最近の住宅は、断熱性能が良いので、吹き抜けを使った立体的な空間構成ができるようになった。居間に吹き抜けをつくって、そこに二階へ上がる階段を設けると上と下が一体になり、階段を上り下りしながら、視線の高さが変化したり、広がりを感じることができる。北国は、半年間雪に閉じ込められるので、その閉塞感を解放させるために必須であると思って、階段を中心にした住宅を多くつくってきた。
 札幌にある本郷新記念札幌彫刻美術館には、優しい階段がある。建築家 上遠野 徹が、彫刻家 本郷 新のために設計したアトリエ付きの住宅であった。れんが積みの暖炉が置かれている居間には大きな吹き抜けがあり、その脇に二階廊下につながる階段がある。これが、高齢になった本郷 新のためにつくられたのか、たいそう緩やかである。これだけ緩やかだと、暖炉前に座っている人も、ちょいと上ってみたくなる緩やかさで、まるで二階に誘うようなつくり方である。実際に上ると少しも抵抗がないし、下りるにも小走りになるくらい抵抗がない。しかし視点の高さが変わるたびに、気持ちに変化を感じる。一階と二階をつなげる吹き抜けのなかにつくられた階段の巧みさを見てほしいし、許せば上ったり下りたりしてほしい。

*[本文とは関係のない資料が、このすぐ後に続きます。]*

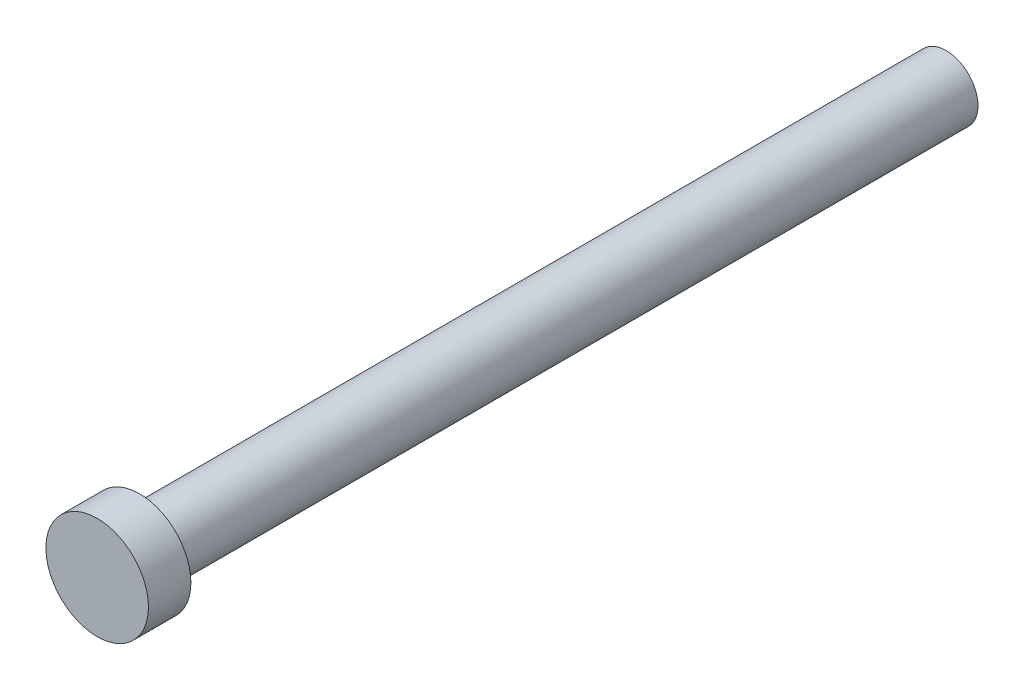
SolidWorks part; units mm, degrees
ref_plane "Front Plane" through (0, 0, 0) normal (0, 0, 1) x (1, 0, 0)
ref_plane "Top Plane" through (0, 0, 0) normal (0, 1, 0) x (1, 0, 0)
ref_plane "Right Plane" through (0, 0, 0) normal (1, 0, 0) x (0, 0, -1)
sketch "Sketch1" plane through (0, 0, 0) normal (0, 0, 1) x (1, 0, 0)
  circle A0 centre (0, 0) radius 1.5
  dimension "D1" = 3
extrude "Boss-Extrude1" add sketch "Sketch1" along normal blind 40
sketch "Sketch2" plane through (0, 0, 40) normal (0, 0, 1) x (1, 0, 0)
  circle A0 centre (0, 0) radius 2.4154
  circle A1 centre (0, 0) radius 1.5
extrude "Boss-Extrude2" add sketch "Sketch2" against normal blind 2
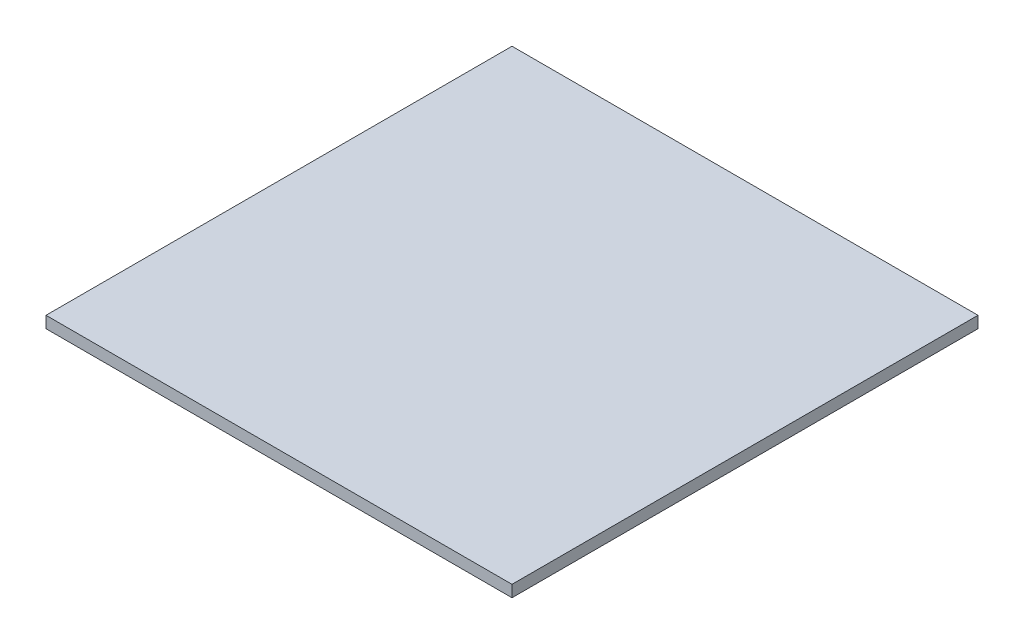
SolidWorks part; units mm, degrees
ref_plane "Face" through (0, 0, 0) normal (0, 0, 1) x (1, 0, 0)
ref_plane "Dessus" through (0, 0, 0) normal (0, 1, 0) x (1, 0, 0)
ref_plane "Droite" through (0, 0, 0) normal (1, 0, 0) x (0, 0, -1)
sketch "Esquisse1" plane through (0, 0, 0) normal (0, 1, 0) x (1, 0, 0)
  line L1 (0, 0) -> (400, 0)
  line L2 (0, 0) -> (0, 400)
  line L3 (0, 400) -> (400, 400)
  line L4 (400, 0) -> (400, 400)
  dimension "D1" = 400
  dimension "D2" = 400
extrude "Extrusion1" add sketch "Esquisse1" along normal blind 10
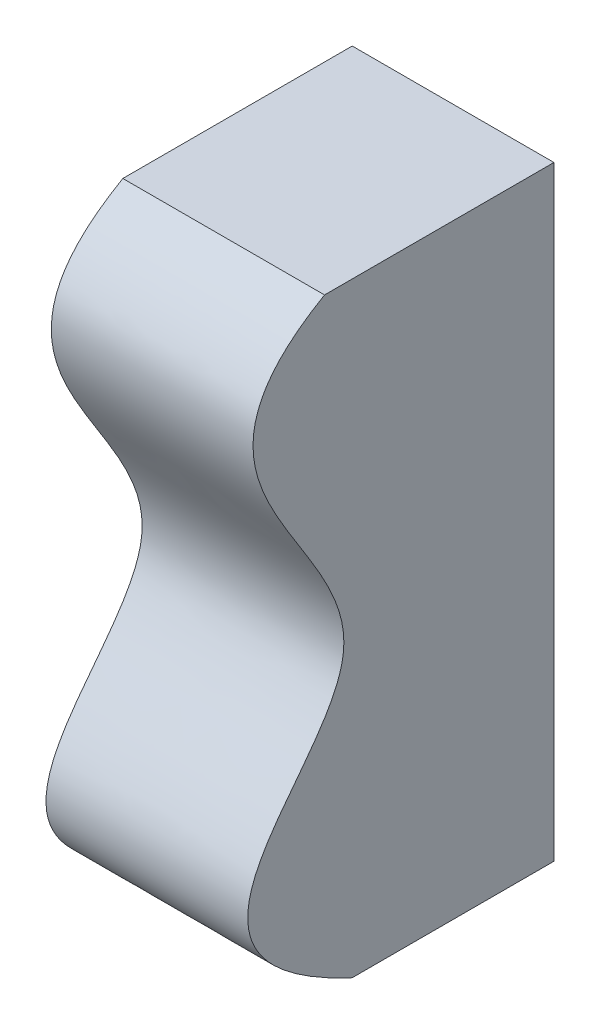
SolidWorks part; units mm, degrees
ref_plane "Front Plane" through (0, 0, 0) normal (1, 0, 0) x (0, 1, 0)
ref_plane "Top Plane" through (0, 0, 0) normal (0, 0, 1) x (0, 1, 0)
ref_plane "Right Plane" through (0, 0, 0) normal (0, 1, 0) x (-1, 0, 0)
sketch "Sketch1" plane through (0, 0, 0) normal (1, 0, 0) x (0, 1, 0)
  line L0 (0, 0) -> (0, -2.54)
  line L1 (0, -2.54) -> (7.62, -2.54)
  line L2 (7.62, -2.54) -> (7.62, 0.3487)
  spline S0 degree 3 poles (0, 0) (1.3087, 2.812) (3.5499, -2.4853) (6.3349, 2.5764) (7.62, 0.3487) knots 0 0 0 0 0.48079 1 1 1 1
  dimension "D1" = 7.62
  dimension "D2" = 2.54
extrude "Boss-Extrude1" add sketch "Sketch1" along normal blind 2.54

 しかしこの魅力的な階段は、今年の夏までは白い壁でふさがれて見ることができなかった。今回開催された「建築家上遠野徹と本郷新の宮の森のアトリエ」展覧会では、これを見せないと彫刻家 本郷 新にも建築家 上遠野 徹にも失礼であると注文を付けたら、館長の吉崎さんがあちこち掛け合って、邪魔な白い壁を撤去してくれたので、優しく魅力的な空間が再現できていた。彫刻家 本郷 新の彫刻だけでなく、建築家 上遠野 徹の建築空間の魅力を実感してほしいと思う。